* _Information shown_:
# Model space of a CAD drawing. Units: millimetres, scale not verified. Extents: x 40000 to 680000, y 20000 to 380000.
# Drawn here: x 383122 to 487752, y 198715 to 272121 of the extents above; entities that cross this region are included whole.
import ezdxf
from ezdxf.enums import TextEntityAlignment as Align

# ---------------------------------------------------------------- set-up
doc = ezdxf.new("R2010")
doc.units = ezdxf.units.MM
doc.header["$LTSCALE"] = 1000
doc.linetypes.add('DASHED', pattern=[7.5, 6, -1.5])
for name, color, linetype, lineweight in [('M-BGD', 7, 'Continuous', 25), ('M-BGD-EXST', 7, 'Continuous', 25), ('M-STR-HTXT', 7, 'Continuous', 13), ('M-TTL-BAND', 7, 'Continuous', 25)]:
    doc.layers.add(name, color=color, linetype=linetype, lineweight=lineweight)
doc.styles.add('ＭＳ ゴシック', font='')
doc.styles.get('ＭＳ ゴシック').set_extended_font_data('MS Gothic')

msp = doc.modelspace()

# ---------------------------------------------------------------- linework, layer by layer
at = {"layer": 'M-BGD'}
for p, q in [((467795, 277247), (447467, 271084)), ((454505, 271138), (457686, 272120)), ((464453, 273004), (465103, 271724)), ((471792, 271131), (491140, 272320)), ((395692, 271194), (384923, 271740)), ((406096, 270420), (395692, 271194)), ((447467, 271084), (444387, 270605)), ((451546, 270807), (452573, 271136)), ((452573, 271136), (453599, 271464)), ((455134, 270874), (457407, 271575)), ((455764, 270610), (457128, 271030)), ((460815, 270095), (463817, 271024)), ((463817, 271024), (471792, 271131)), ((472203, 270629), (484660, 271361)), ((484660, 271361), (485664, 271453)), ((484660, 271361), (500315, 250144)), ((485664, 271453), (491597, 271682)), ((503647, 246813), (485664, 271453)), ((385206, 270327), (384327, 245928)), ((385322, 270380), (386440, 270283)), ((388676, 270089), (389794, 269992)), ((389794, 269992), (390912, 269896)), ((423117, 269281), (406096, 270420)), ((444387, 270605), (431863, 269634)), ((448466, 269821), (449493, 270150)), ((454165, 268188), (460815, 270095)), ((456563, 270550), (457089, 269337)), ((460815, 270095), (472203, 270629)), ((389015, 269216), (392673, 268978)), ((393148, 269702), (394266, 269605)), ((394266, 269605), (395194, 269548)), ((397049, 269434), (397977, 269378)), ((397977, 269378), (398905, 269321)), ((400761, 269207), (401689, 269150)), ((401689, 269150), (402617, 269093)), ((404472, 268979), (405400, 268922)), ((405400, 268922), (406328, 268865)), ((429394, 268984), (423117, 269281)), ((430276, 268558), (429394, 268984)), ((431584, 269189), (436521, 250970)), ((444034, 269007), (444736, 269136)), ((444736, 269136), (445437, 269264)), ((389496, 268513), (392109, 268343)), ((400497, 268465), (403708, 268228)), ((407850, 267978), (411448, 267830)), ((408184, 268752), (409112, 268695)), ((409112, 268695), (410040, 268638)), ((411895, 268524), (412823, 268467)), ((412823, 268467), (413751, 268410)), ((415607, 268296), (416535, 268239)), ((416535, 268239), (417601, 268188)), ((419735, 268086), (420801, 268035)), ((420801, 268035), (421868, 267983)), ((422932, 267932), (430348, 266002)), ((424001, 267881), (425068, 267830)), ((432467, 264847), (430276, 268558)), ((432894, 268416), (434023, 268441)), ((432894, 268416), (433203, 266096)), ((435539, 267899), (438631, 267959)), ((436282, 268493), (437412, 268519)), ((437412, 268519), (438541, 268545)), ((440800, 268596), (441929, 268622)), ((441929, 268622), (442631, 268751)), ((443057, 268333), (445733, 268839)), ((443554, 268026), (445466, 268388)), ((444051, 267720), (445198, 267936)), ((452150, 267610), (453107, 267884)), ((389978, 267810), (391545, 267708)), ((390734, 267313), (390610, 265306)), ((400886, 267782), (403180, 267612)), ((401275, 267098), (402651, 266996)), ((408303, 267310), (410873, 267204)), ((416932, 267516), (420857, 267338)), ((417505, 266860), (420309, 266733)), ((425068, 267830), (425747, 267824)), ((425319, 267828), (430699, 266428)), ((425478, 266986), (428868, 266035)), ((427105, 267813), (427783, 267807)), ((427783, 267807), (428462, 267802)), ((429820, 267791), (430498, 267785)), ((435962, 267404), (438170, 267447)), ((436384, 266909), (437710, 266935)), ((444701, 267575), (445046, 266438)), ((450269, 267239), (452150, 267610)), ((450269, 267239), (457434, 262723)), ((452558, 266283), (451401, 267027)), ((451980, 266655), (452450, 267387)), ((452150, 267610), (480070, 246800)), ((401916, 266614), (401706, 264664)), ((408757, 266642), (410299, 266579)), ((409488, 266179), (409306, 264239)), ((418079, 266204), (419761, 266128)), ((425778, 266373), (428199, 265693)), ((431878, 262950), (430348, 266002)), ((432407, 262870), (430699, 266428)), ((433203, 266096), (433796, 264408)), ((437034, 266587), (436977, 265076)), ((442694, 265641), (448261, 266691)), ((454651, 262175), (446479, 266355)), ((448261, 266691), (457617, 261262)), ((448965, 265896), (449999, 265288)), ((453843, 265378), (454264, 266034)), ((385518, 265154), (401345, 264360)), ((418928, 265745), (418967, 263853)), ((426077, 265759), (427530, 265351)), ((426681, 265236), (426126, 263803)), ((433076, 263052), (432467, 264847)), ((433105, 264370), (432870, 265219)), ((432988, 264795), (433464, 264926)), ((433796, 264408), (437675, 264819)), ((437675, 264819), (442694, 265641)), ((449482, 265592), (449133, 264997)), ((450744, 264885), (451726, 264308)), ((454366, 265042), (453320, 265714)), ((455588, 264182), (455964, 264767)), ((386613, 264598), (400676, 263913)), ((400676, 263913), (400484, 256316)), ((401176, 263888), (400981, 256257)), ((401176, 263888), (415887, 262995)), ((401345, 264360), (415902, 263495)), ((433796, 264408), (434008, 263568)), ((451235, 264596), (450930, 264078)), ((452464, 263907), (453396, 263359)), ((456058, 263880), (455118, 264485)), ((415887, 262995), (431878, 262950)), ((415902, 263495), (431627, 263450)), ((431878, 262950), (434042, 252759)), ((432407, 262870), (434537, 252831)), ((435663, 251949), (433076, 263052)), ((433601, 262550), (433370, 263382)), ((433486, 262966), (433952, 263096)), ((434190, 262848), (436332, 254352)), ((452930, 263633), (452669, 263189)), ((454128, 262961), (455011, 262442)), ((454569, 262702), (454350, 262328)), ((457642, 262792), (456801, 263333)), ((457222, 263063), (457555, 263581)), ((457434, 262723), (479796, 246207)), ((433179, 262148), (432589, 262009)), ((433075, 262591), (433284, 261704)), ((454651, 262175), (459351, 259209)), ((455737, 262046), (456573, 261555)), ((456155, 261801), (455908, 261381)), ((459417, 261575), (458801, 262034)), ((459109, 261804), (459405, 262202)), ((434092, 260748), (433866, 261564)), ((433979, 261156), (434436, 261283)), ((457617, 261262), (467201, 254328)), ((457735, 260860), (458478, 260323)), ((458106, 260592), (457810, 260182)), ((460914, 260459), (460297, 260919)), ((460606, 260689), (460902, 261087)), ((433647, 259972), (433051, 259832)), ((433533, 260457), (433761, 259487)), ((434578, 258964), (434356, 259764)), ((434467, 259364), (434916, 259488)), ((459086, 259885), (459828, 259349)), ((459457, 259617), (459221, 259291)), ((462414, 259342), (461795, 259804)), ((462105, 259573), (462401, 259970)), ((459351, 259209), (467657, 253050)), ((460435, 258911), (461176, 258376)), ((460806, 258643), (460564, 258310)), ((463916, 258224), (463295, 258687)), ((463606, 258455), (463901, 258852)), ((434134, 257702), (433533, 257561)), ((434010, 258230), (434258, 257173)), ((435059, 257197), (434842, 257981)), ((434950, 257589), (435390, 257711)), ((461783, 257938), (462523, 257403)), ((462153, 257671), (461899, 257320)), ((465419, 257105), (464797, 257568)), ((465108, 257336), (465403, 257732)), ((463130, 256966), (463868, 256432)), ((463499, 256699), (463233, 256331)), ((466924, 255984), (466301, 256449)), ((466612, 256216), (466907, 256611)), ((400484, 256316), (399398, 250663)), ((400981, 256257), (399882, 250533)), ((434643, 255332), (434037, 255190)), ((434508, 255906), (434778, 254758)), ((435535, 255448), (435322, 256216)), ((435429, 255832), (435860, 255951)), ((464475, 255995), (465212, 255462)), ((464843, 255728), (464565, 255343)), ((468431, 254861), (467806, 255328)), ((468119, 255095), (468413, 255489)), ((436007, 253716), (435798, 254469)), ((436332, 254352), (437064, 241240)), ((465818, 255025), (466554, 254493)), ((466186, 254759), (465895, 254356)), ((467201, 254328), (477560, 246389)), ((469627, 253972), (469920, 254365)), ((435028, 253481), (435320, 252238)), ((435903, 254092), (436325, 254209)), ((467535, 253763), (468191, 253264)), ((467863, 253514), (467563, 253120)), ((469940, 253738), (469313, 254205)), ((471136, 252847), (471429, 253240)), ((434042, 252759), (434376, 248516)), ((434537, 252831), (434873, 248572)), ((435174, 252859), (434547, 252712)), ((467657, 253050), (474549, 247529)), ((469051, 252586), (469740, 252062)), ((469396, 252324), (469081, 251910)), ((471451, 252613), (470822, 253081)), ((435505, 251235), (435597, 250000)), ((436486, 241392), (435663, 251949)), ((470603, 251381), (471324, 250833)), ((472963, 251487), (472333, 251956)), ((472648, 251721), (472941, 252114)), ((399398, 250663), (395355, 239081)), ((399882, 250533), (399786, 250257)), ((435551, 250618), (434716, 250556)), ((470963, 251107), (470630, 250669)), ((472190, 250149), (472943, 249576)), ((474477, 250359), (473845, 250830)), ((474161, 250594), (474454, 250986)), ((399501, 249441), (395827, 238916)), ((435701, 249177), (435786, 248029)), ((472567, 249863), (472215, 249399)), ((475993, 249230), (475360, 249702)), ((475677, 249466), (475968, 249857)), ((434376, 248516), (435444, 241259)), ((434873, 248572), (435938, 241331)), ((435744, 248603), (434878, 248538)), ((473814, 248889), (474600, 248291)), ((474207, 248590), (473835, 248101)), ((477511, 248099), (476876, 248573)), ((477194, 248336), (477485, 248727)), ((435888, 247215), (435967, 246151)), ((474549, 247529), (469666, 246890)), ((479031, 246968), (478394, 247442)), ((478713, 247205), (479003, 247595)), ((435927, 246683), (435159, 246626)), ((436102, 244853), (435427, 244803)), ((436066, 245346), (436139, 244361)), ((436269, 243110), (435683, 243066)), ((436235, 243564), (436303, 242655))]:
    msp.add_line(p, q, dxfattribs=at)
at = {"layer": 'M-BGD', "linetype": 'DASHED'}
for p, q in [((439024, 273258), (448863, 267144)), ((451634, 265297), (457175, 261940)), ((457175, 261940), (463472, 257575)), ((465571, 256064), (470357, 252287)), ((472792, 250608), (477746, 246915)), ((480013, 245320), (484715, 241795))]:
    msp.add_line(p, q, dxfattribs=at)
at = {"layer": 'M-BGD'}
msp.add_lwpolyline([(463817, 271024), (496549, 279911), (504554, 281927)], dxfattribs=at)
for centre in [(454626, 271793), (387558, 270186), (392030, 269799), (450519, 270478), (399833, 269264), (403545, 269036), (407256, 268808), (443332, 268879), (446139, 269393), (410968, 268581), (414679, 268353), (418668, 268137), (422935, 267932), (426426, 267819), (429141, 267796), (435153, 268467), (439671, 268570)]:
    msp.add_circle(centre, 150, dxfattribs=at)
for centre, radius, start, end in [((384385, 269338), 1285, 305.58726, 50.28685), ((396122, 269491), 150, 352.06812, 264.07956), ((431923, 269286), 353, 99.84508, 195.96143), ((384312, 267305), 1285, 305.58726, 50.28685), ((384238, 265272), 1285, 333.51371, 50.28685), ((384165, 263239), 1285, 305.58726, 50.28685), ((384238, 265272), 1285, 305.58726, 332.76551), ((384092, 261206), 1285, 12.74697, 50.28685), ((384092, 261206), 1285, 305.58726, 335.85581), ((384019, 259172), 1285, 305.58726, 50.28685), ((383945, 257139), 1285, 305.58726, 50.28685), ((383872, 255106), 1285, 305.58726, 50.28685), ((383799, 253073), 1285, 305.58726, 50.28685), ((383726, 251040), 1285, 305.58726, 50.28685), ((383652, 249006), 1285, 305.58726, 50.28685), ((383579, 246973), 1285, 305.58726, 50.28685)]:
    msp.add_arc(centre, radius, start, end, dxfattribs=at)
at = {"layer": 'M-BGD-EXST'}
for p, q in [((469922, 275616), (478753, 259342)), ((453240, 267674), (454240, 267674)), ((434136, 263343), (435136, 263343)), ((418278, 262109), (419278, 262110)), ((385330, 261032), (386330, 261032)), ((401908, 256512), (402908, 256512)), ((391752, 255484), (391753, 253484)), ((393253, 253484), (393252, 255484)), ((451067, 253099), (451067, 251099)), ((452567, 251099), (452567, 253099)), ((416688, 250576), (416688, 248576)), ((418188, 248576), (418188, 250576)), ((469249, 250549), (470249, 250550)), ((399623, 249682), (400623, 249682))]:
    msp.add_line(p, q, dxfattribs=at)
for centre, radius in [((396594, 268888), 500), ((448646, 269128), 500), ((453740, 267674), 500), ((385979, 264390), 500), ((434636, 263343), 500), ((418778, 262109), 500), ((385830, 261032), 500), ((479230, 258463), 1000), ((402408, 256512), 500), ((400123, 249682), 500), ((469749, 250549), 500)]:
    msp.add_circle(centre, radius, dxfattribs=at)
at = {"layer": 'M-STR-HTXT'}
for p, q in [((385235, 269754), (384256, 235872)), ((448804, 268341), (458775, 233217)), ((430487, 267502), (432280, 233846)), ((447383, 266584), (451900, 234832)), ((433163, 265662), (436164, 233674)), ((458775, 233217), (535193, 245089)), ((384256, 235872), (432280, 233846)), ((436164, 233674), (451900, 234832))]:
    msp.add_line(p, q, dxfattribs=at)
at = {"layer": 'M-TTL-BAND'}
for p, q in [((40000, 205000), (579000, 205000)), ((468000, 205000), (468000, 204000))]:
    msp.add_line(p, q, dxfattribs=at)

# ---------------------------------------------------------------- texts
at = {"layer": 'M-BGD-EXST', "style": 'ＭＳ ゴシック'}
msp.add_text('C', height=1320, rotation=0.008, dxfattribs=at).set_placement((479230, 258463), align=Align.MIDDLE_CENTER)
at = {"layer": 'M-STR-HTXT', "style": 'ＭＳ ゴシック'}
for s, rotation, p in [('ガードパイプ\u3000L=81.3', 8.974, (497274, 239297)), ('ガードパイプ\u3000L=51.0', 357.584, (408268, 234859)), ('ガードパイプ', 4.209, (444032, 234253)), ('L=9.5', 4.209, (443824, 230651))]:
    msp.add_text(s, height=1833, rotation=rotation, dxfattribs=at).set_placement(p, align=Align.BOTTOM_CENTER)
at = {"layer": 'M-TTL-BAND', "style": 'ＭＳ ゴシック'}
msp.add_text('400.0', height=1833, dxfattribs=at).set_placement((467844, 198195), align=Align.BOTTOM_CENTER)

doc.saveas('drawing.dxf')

* _What you should do_:
With the first line of the material as the start and the line containing "import ezdxf" as the end, repeat that span exactly and add nothing.

* _Output for this exercise_:
# Model space of a CAD drawing. Units: millimetres, scale not verified. Extents: x 40000 to 680000, y 20000 to 380000.
# Drawn here: x 383122 to 487752, y 198715 to 272121 of the extents above; entities that cross this region are included whole.
import ezdxf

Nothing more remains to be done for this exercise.